Bernie Mintor, 1199 Handbook, Members Basic Information (undated, about 1973)
31. Sitting over the fire will make her chilly, nervous, dyspeptic,
and dispirited. It will cause her to be more chilly, and thus will make
her more susceptible of catching cold; and it will frequently produce
chilblains. If she be cold, the sitting over the fire will only warm her
for the time, and will make her feel more starved when she leaves it.
Crouching over the fire, as many do, is ruination to health and
strength and comeliness! Sitting over the fire will make her nervous:
the heat from the fire is weakening beyond measure to the nerves. It
will disorder and enfeeble her stomach—for nothing debilitates the
stomach like great heat—and thus make her dyspeptic; and if she be
dyspeptic, she will, she must be dispirited. The one follows the other
as surely as the night follows the day.
32. If sitting over the fire be hurtful, sitting with the back to the
fire is still more so. The back to the fire often causes both sickness
and faintness, injures the spine, and weakens the spinal marrow, and
thus debilitates the whole frame.
33. A walk on a clear, frosty morning is as exhilarating to the
spirits as the drinking of champagne—with this difference, that on
the day following the head is improved by the one, but not always by
the other. Simple nature’s pleasures are the most desirable—they
leave no sting behind them!
34. There is nothing like a long walk to warm the body and to
make the blood course merrily through the blood-vessels. I consider
it to be a great misfortune that my fair countrywomen do not use
their legs more and their carriages less. “As to exercise, few women
care to take it for mere health’s sake. The rich are too apt to think
that riding in a close varnish-smelling carriage ought to be a very
good substitute for muscular struggles in the open air.”[9]
35. Unfortunately this is an age of luxury. Everything is artificial,
and disease and weakness, and even barrenness, follow as a matter of
course. In proof of my assertion that this is an age of luxury, look at
the present sumptuous style of living: carriages rolling about in every
direction; dining-tables groaning under the weight of rich dinners,
and expensive wines flowing like water; grand dresses sweeping the
streets, almost doing away with the necessity for scavengers. I say,
advisedly, streets; for green fields are, unfortunately, scarcely ever
visited by ladies. We are almost, in extravagance, rivaling ancient
Rome just before luxury sapped her strength and laid her in ruins!
36. If a lady has to travel half a mile she must have her carriage.
Strange infatuation! Is she not aware that she has hundreds of
muscles that want exercising? that she has lungs that require
expanding? that she has nerves that demand bracing? that she has
blood that needs circulating?

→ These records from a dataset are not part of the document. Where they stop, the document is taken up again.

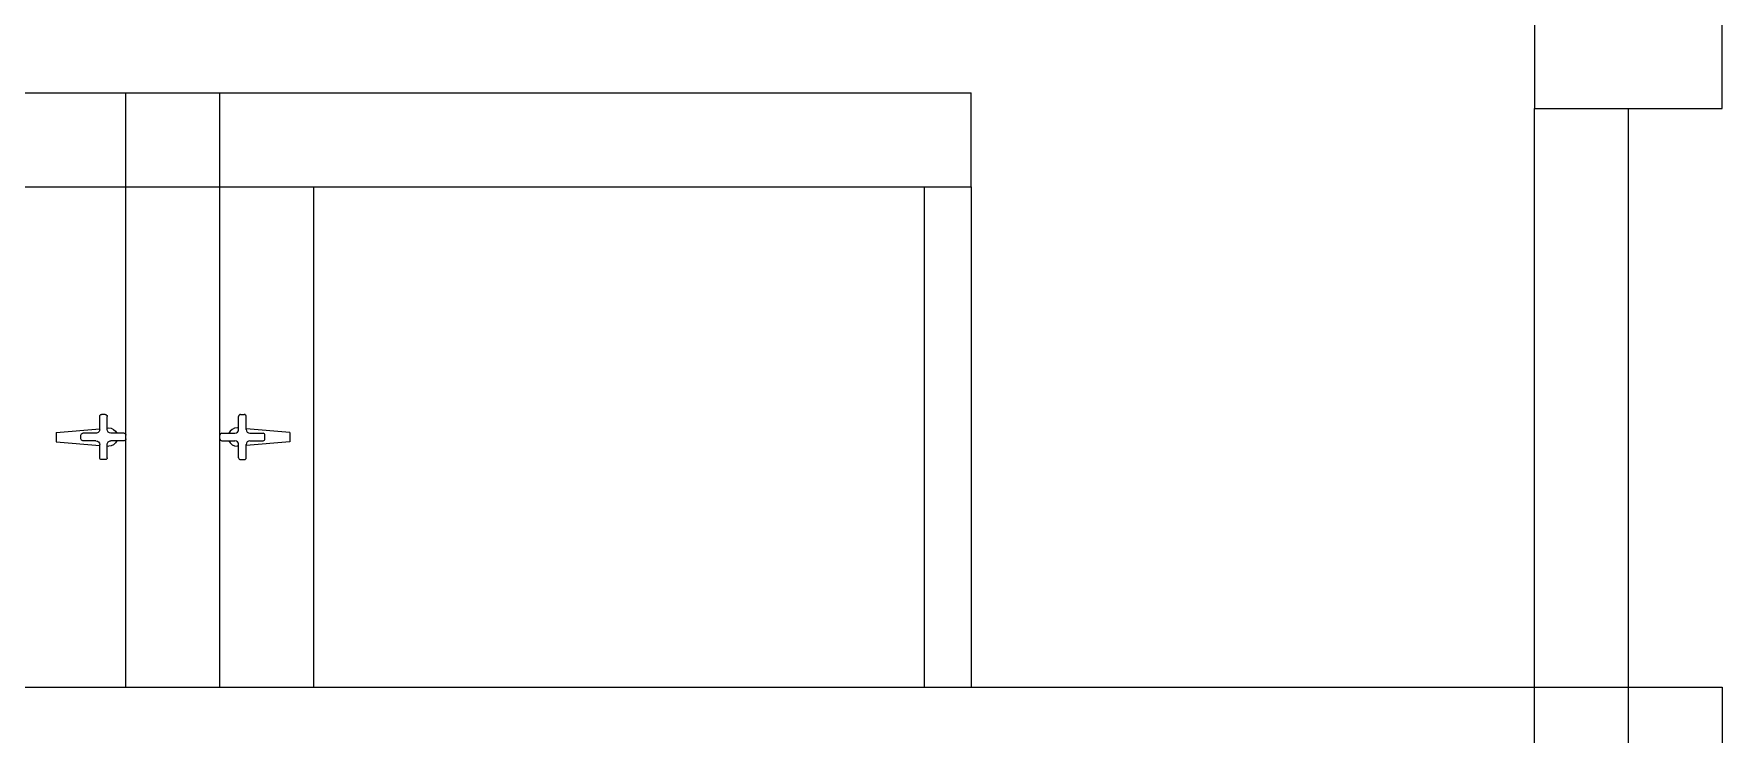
# Model space of a CAD drawing. Header units: inches. Extents: x 16928 to 514628, y -1471 to 241387.
# Drawn here: x 66741 to 69439, y 28485 to 29605 of the extents above; entities that cross this region are included whole.
import ezdxf

# ---------------------------------------------------------------- set-up
doc = ezdxf.new("R2010")
doc.units = ezdxf.units.IN
doc.header["$MEASUREMENT"] = 0
for name, color, linetype in [('drain', 8, 'Continuous'), ('FIXT', 8, 'Continuous'), ('LW', 2, 'Continuous'), ('SANITARY', 8, 'Continuous'), ('WALL', 1, 'Continuous')]:
    doc.layers.add(name, color=color, linetype=linetype)

# ---------------------------------------------------------------- blocks, each defined once
blk = doc.blocks.new('TAB')
at = {"layer": 'FIXT'}
for p, q in [((-70, 55), (-70, 20)), ((-55, 60), (-65, 60)), ((-50, 55), (-50, 20)), ((-186, 12.5), (-70, 22.2)), ((-186, -12.5), (-186, 12.5)), ((-120, 5), (-120, -5)), ((-80, 10), (-115, 10)), ((-50, 23.8), (-46, 24.2)), ((-5, 10), (-40, 10)), ((0, 5), (0, -5)), ((-186, -12.5), (-70, -22.2)), ((-80, -10), (-115, -10)), ((-70, -20), (-70, -55)), ((-50, -20), (-50, -55)), ((-50, -23.8), (-46, -24.2)), ((-5, -10), (-40, -10)), ((-55, -60), (-65, -60))]:
    blk.add_line(p, q, dxfattribs=at)
for centre, radius, start, end in [((-65, 55), 5, 90, 180), ((-55, 55), 5, 0, 90), ((-115, 5), 5, 90, 180), ((-80, 20), 10, 270, 0), ((-40, 20), 10, 180, 270), ((-46, 0), 24.2, 24.4433, 90), ((-5, 5), 5, 0, 90), ((-115, -5), 5, 180, 270), ((-80, -20), 10, 0, 90), ((-40, -20), 10, 90, 180), ((-46, 0), 24.2, 270, 335.5567), ((-5, -5), 5, 270, 0), ((-65, -55), 5, 180, 270), ((-55, -55), 5, 270, 0)]:
    blk.add_arc(centre, radius, start, end, dxfattribs=at)
blk = doc.blocks.new('TAP1-P')
at = {"layer": 'FIXT', "rotation": 90}
blk.add_blockref('TAB', (0, 0), dxfattribs=at)
blk = doc.blocks.new('TAP(C)')
at = {"layer": 'WALL', "xscale": -0.599999999973992, "yscale": 0.5999999999767169, "zscale": 0.5999999999999999, "rotation": 269.9999000484524}
blk.add_blockref('TAP1-P', (0, 0), dxfattribs=at)

msp = doc.modelspace()

# ---------------------------------------------------------------- linework, layer by layer
at = {"layer": 'drain'}
msp.add_line((67188.6, 28560.5), (67188.6, 29360.5), dxfattribs=at)
at = {"layer": 'LW'}
for p, q in [((68163.6, 29360.5), (68163.6, 28560.5)), ((68238.6, 29360.5), (68238.6, 28560.5))]:
    msp.add_line(p, q, dxfattribs=at)
at = {"layer": 'WALL'}
for p, q in [((65688.6, 29510.5), (68238.6, 29510.5)), ((66888.6, 28560.5), (66888.6, 29510.5)), ((67038.6, 28560.5), (67038.6, 29510.5)), ((68238.6, 29360.5), (68238.6, 29510.5)), ((69138.6, 28410.5), (69138.6, 29485.5)), ((69288.6, 28410.5), (69288.6, 29485.5)), ((65688.6, 29360.5), (68238.6, 29360.5)), ((63138.6, 28560.5), (69288.6, 28560.5))]:
    msp.add_line(p, q, dxfattribs=at)
for points in [[(69138.6, 29635.5), (69138.6, 29485.5), (69438.6, 29485.5), (69438.6, 29635.5)], [(69138.6, 28410.5), (69138.6, 28560.5), (69438.6, 28560.5), (69438.6, 28410.5)]]:
    msp.add_lwpolyline(points, close=True, dxfattribs=at)

# ---------------------------------------------------------------- block references
at = {"layer": 'SANITARY'}
msp.add_blockref('TAP(C)', (66888.6, 28960.5), dxfattribs=at)
at = {"layer": 'SANITARY', "xscale": -1}
msp.add_blockref('TAP(C)', (67038.6, 28960.5), dxfattribs=at)

doc.saveas('drawing.dxf')
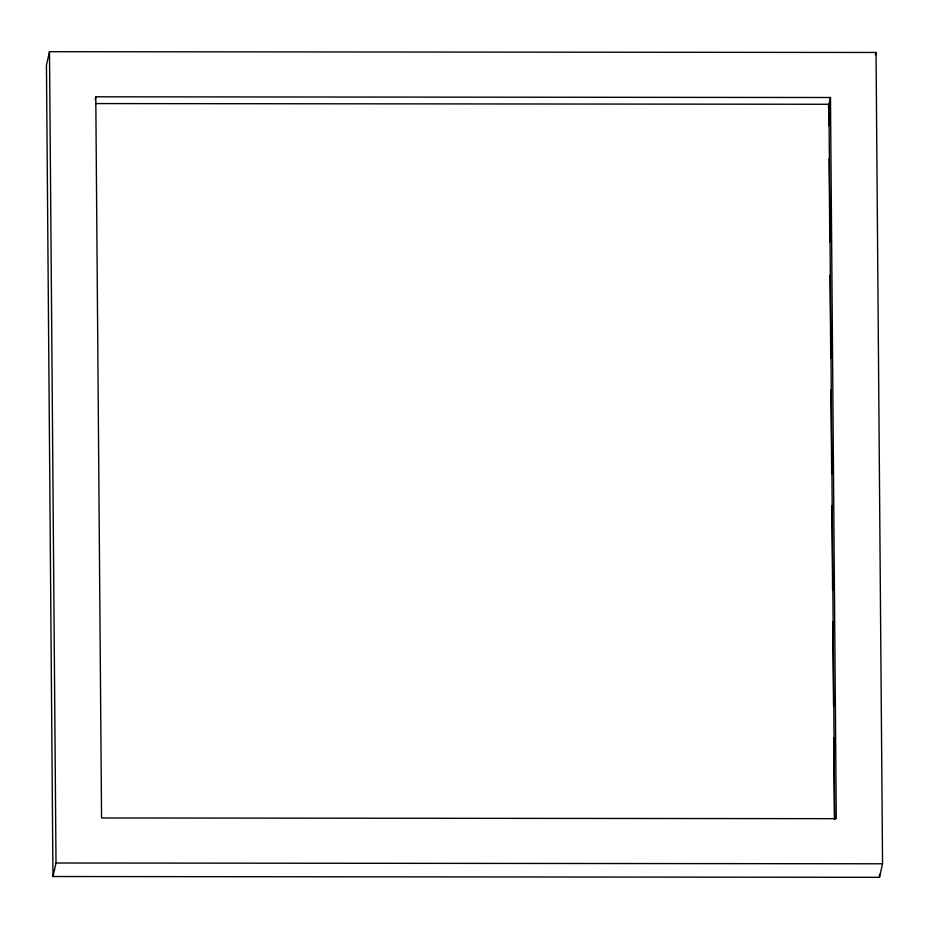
<?xml version="1.0" encoding="UTF-8"?>
<svg xmlns="http://www.w3.org/2000/svg" width="929" height="929" viewBox="0 0 929 929"><rect width="100%" height="100%" fill="white"/><g stroke="black" fill="none" stroke-linecap="round" stroke-linejoin="round"><path stroke-width="1.39" d="M49.492 51.687L46.45 65.216L52.965 876.523L879.508 877.313L882.55 863.784L876.035 52.477L49.492 51.687L56.007 862.995L52.965 876.523M95.164 99.508L95.78 96.802L830.48 97.51L836.274 818.67L101.563 817.961L95.78 96.802M828.354 106.974L830.48 97.51M875.432 55.183L876.035 52.477M95.699 103.572L828.958 104.269L834.695 819.622M56.007 862.995L882.55 863.784M879.484 874.41L879.508 877.313M828.703 105.395L828.865 125.717M829.132 159.091L829.794 241.795M830.061 275.17L830.735 357.874M830.99 389.797L831.664 473.964M831.919 505.887L832.593 590.043M832.848 621.966L833.522 706.121M833.777 738.044L834.428 819.308"/></g></svg>

And how does she think that the
muscles can be exercised, that the lungs can be expanded, that the
nerves can be braced, and that the blood can be properly circulated,
unless these are all made to perform their proper functions by an
abundance of walking exercise? It is utterly impossible!
37. Does she desire to be strong? Then let her take exercise! Does
she hope to retain her bloom and her youthful appearance, and still
to look charming in the eyes of her husband? Then let her take
exercise! Does she wish to banish nervousness and low spirits? Then
let her take exercise! There is nothing standing still in Nature: if it
were, creation would languish and die. There is a perpetual motion!
And so must we be constantly employed (when not asleep), if we are
to be healthy and strong! Nature will not be trifled with; these are
her laws[10]—immutable and unchangeable, and we cannot infringe
them with impunity:
“Labor is life! ’Tis the still water faileth;
Idleness ever despaireth, bewaileth;
Keep the watch wound, for the dark night assaileth;
Flowers droop and die in the stillness of noon.
Labor is glory! The flying cloud lightens;
Only the waving wing changes and brightens;
Idle hearts only the dark future frightens;
Play the sweet keys, would’st thou keep them in tune!”